Hey everyone, so here is the problem, my brother in law is a chef and he brought me a case of 12 ribs that he doesn't need for free!! Yayyy! But, this morning I get up early to start preparing them for my mes 30 and realize that they are pre-cooked and un seasonned! [emoji]128547[/emoji] what the hell do I do with them???


----------



## bear55 (Oct 25, 2014)

I would season them up good and put them in the smoker until hot.  Probably won't take long.


----------



## jaxrmrjmr (Oct 25, 2014)

Call the brother-in-law since he's a chef.


----------



## jue03 (Oct 25, 2014)

JaxRmrJmr said:


> Call the brother-in-law since he's a chef.


ya, I know that sounds logical but he knows nothing about smoking meat !


----------



## jarjarchef (Oct 25, 2014)

Bear55 said:


> I would season them up good and put them in the smoker until hot.  Probably won't take long.



Basically what Bear said. 

Season and place in smoker till hot. Check to see how tender they are,  sometimes the precooked ribs are still tough. If they are you can cook till tender in smoke or wrap with a bit of liquid. If they are tender and you like them glazed, glaze them let the glaze set in smoker, cut and serve.


----------



## foamheart (Oct 25, 2014)

You might consider them like Bear's Double smoked ham.
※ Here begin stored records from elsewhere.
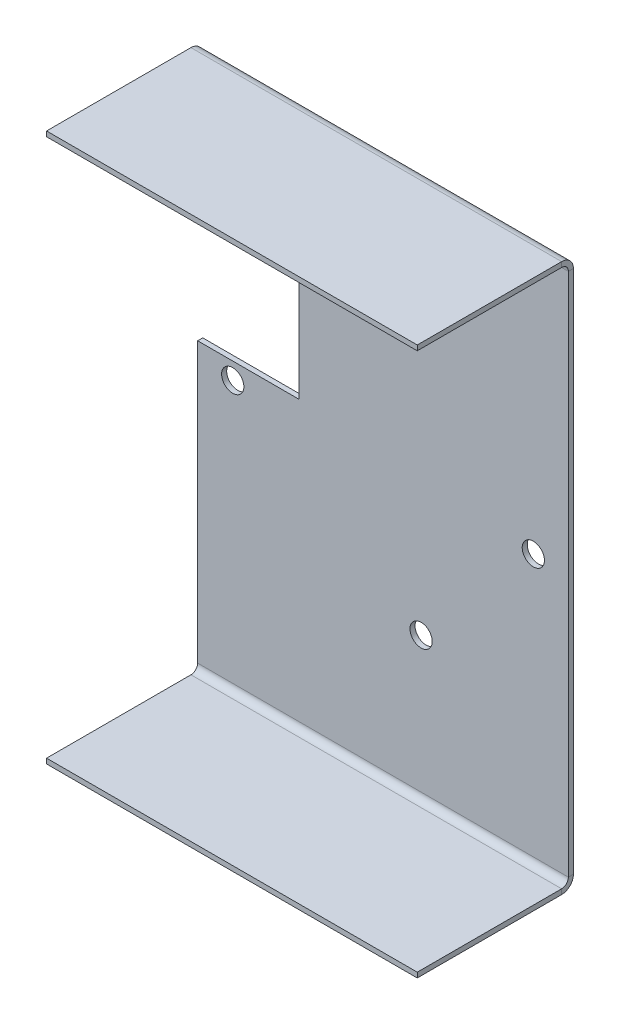
ISO-10303-21;
HEADER;
FILE_DESCRIPTION(('STEP AP214'),'2;1');
FILE_NAME('part.step','',(''),(''),'','','');
FILE_SCHEMA(('AUTOMOTIVE_DESIGN { 1 0 10303 214 1 1 1 1 }'));
ENDSEC;
DATA;
#1=APPLICATION_CONTEXT('core data for automotive mechanical design processes');
#2=APPLICATION_PROTOCOL_DEFINITION('international standard','automotive_design',2000,#1);
#3=PRODUCT_CONTEXT('',#1,'mechanical');
#4=PRODUCT('Part','Part','',(#3));
#5=PRODUCT_RELATED_PRODUCT_CATEGORY('part','',(#4));
#6=PRODUCT_DEFINITION_FORMATION('','',#4);
#7=PRODUCT_DEFINITION_CONTEXT('part definition',#1,'design');
#8=PRODUCT_DEFINITION('design','',#6,#7);
#9=PRODUCT_DEFINITION_SHAPE('','',#8);
#10=(LENGTH_UNIT() NAMED_UNIT(*) SI_UNIT(.MILLI.,.METRE.));
#11=(NAMED_UNIT(*) PLANE_ANGLE_UNIT() SI_UNIT($,.RADIAN.));
#12=(NAMED_UNIT(*) SI_UNIT($,.STERADIAN.) SOLID_ANGLE_UNIT());
#13=UNCERTAINTY_MEASURE_WITH_UNIT(LENGTH_MEASURE(1.E-05),#10,'distance_accuracy_value','');
#14=(GEOMETRIC_REPRESENTATION_CONTEXT(3) GLOBAL_UNCERTAINTY_ASSIGNED_CONTEXT((#13)) GLOBAL_UNIT_ASSIGNED_CONTEXT((#10,
#11,#12)) REPRESENTATION_CONTEXT('',''));
#15=CARTESIAN_POINT('',(0.,0.,0.));
#16=DIRECTION('',(0.,0.,1.));
#17=DIRECTION('',(1.,0.,0.));
#18=AXIS2_PLACEMENT_3D('',#15,#16,#17);
#19=CARTESIAN_POINT('',(-55.,125.,1.5));
#20=DIRECTION('',(-1.,0.,0.));
#21=DIRECTION('',(0.,-1.,0.));
#22=AXIS2_PLACEMENT_3D('',#19,#20,#21);
#23=PLANE('',#22);
#24=DIRECTION('',(0.,0.,-1.));
#25=VECTOR('',#24,1.);
#26=CARTESIAN_POINT('',(-55.,68.,10.));
#27=LINE('',#26,#25);
#28=CARTESIAN_POINT('',(-55.,68.,1.5));
#29=VERTEX_POINT('',#28);
#30=CARTESIAN_POINT('',(-55.,68.,0.));
#31=VERTEX_POINT('',#30);
#32=EDGE_CURVE('E190',#29,#31,#27,.T.);
#33=ORIENTED_EDGE('',*,*,#32,.F.);
#34=DIRECTION('',(0.,-1.,0.));
#35=VECTOR('',#34,1.);
#36=CARTESIAN_POINT('',(-55.,125.,1.5));
#37=LINE('',#36,#35);
#38=CARTESIAN_POINT('',(-54.9999999999999,77.840155050657,1.5));
#39=VERTEX_POINT('',#38);
#40=EDGE_CURVE('E208',#39,#29,#37,.T.);
#41=ORIENTED_EDGE('',*,*,#40,.F.);
#42=DIRECTION('',(0.,0.,-1.));
#43=VECTOR('',#42,1.);
#44=CARTESIAN_POINT('',(-55.,77.840155050657,1.5));
#45=LINE('',#44,#43);
#46=CARTESIAN_POINT('',(-55.,77.840155050657,0.));
#47=VERTEX_POINT('',#46);
#48=EDGE_CURVE('E14',#39,#47,#45,.T.);
#49=ORIENTED_EDGE('',*,*,#48,.T.);
#50=DIRECTION('',(0.,1.,0.));
#51=VECTOR('',#50,1.);
#52=CARTESIAN_POINT('',(-55.,0.,0.));
#53=LINE('',#52,#51);
#54=EDGE_CURVE('E197',#47,#31,#53,.F.);
#55=ORIENTED_EDGE('',*,*,#54,.T.);
#56=EDGE_LOOP('',(#33,#41,#49,#55));
#57=FACE_BOUND('',#56,.T.);
#58=ADVANCED_FACE('F58',(#57),#23,.T.);
#59=CARTESIAN_POINT('',(0.,0.,1.5));
#60=DIRECTION('',(0.,0.,1.));
#61=DIRECTION('',(1.,0.,0.));
#62=AXIS2_PLACEMENT_3D('',#59,#60,#61);
#63=PLANE('',#62);
#64=DIRECTION('',(-1.,0.,0.));
#65=VECTOR('',#64,1.);
#66=CARTESIAN_POINT('',(0.,68.,1.5));
#67=LINE('',#66,#65);
#68=CARTESIAN_POINT('',(-25.,68.,1.5));
#69=VERTEX_POINT('',#68);
#70=EDGE_CURVE('E305',#69,#29,#67,.T.);
#71=ORIENTED_EDGE('',*,*,#70,.F.);
#72=DIRECTION('',(0.,1.,0.));
#73=VECTOR('',#72,1.);
#74=CARTESIAN_POINT('',(-25.,0.,1.5));
#75=LINE('',#74,#73);
#76=CARTESIAN_POINT('',(-25.,5.,1.5));
#77=VERTEX_POINT('',#76);
#78=EDGE_CURVE('E349',#77,#69,#75,.T.);
#79=ORIENTED_EDGE('',*,*,#78,.F.);
#80=DIRECTION('',(1.,0.,0.));
#81=VECTOR('',#80,1.);
#82=CARTESIAN_POINT('',(0.,5.,1.5));
#83=LINE('',#82,#81);
#84=CARTESIAN_POINT('',(-55.,5.,1.5));
#85=VERTEX_POINT('',#84);
#86=EDGE_CURVE('E378',#85,#77,#83,.T.);
#87=ORIENTED_EDGE('',*,*,#86,.F.);
#88=CARTESIAN_POINT('',(-55.,-77.840155050657,1.5));
#89=VERTEX_POINT('',#88);
#90=EDGE_CURVE('E189',#85,#89,#37,.T.);
#91=ORIENTED_EDGE('',*,*,#90,.T.);
#92=DIRECTION('',(-1.,0.,0.));
#93=VECTOR('',#92,1.);
#94=CARTESIAN_POINT('',(0.,-77.840155050657,1.5));
#95=LINE('',#94,#93);
#96=CARTESIAN_POINT('',(55.,-77.840155050657,1.50000000000001));
#97=VERTEX_POINT('',#96);
#98=EDGE_CURVE('E239',#97,#89,#95,.T.);
#99=ORIENTED_EDGE('',*,*,#98,.F.);
#100=DIRECTION('',(0.,1.,0.));
#101=VECTOR('',#100,1.);
#102=CARTESIAN_POINT('',(55.,125.,1.5));
#103=LINE('',#102,#101);
#104=CARTESIAN_POINT('',(55.,77.840155050657,1.5));
#105=VERTEX_POINT('',#104);
#106=EDGE_CURVE('E62',#97,#105,#103,.T.);
#107=ORIENTED_EDGE('',*,*,#106,.T.);
#108=DIRECTION('',(-1.,0.,0.));
#109=VECTOR('',#108,1.);
#110=CARTESIAN_POINT('',(0.,77.840155050657,1.5));
#111=LINE('',#110,#109);
#112=EDGE_CURVE('E268',#105,#39,#111,.T.);
#113=ORIENTED_EDGE('',*,*,#112,.T.);
#114=ORIENTED_EDGE('',*,*,#40,.T.);
#115=EDGE_LOOP('',(#71,#79,#87,#91,#99,#107,#113,#114));
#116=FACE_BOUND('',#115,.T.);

BUT you must master them and THEN invite the chef over for ribs and tell him they were that good right out the plastic. LOL Let him find out for himself....LOL

Brother in Laws are great and necessary things. You will always look good in the family's eyes as long as there is a brother in law around...>LOL Mine was a "Naval Aviator" and I constantly give him grief, the stuff that, given enough time he'll say out loud in front of others and they break up laughing..... Baby Sis will always ask him why he even listens to me.....LOL. Some folks are just easy.


----------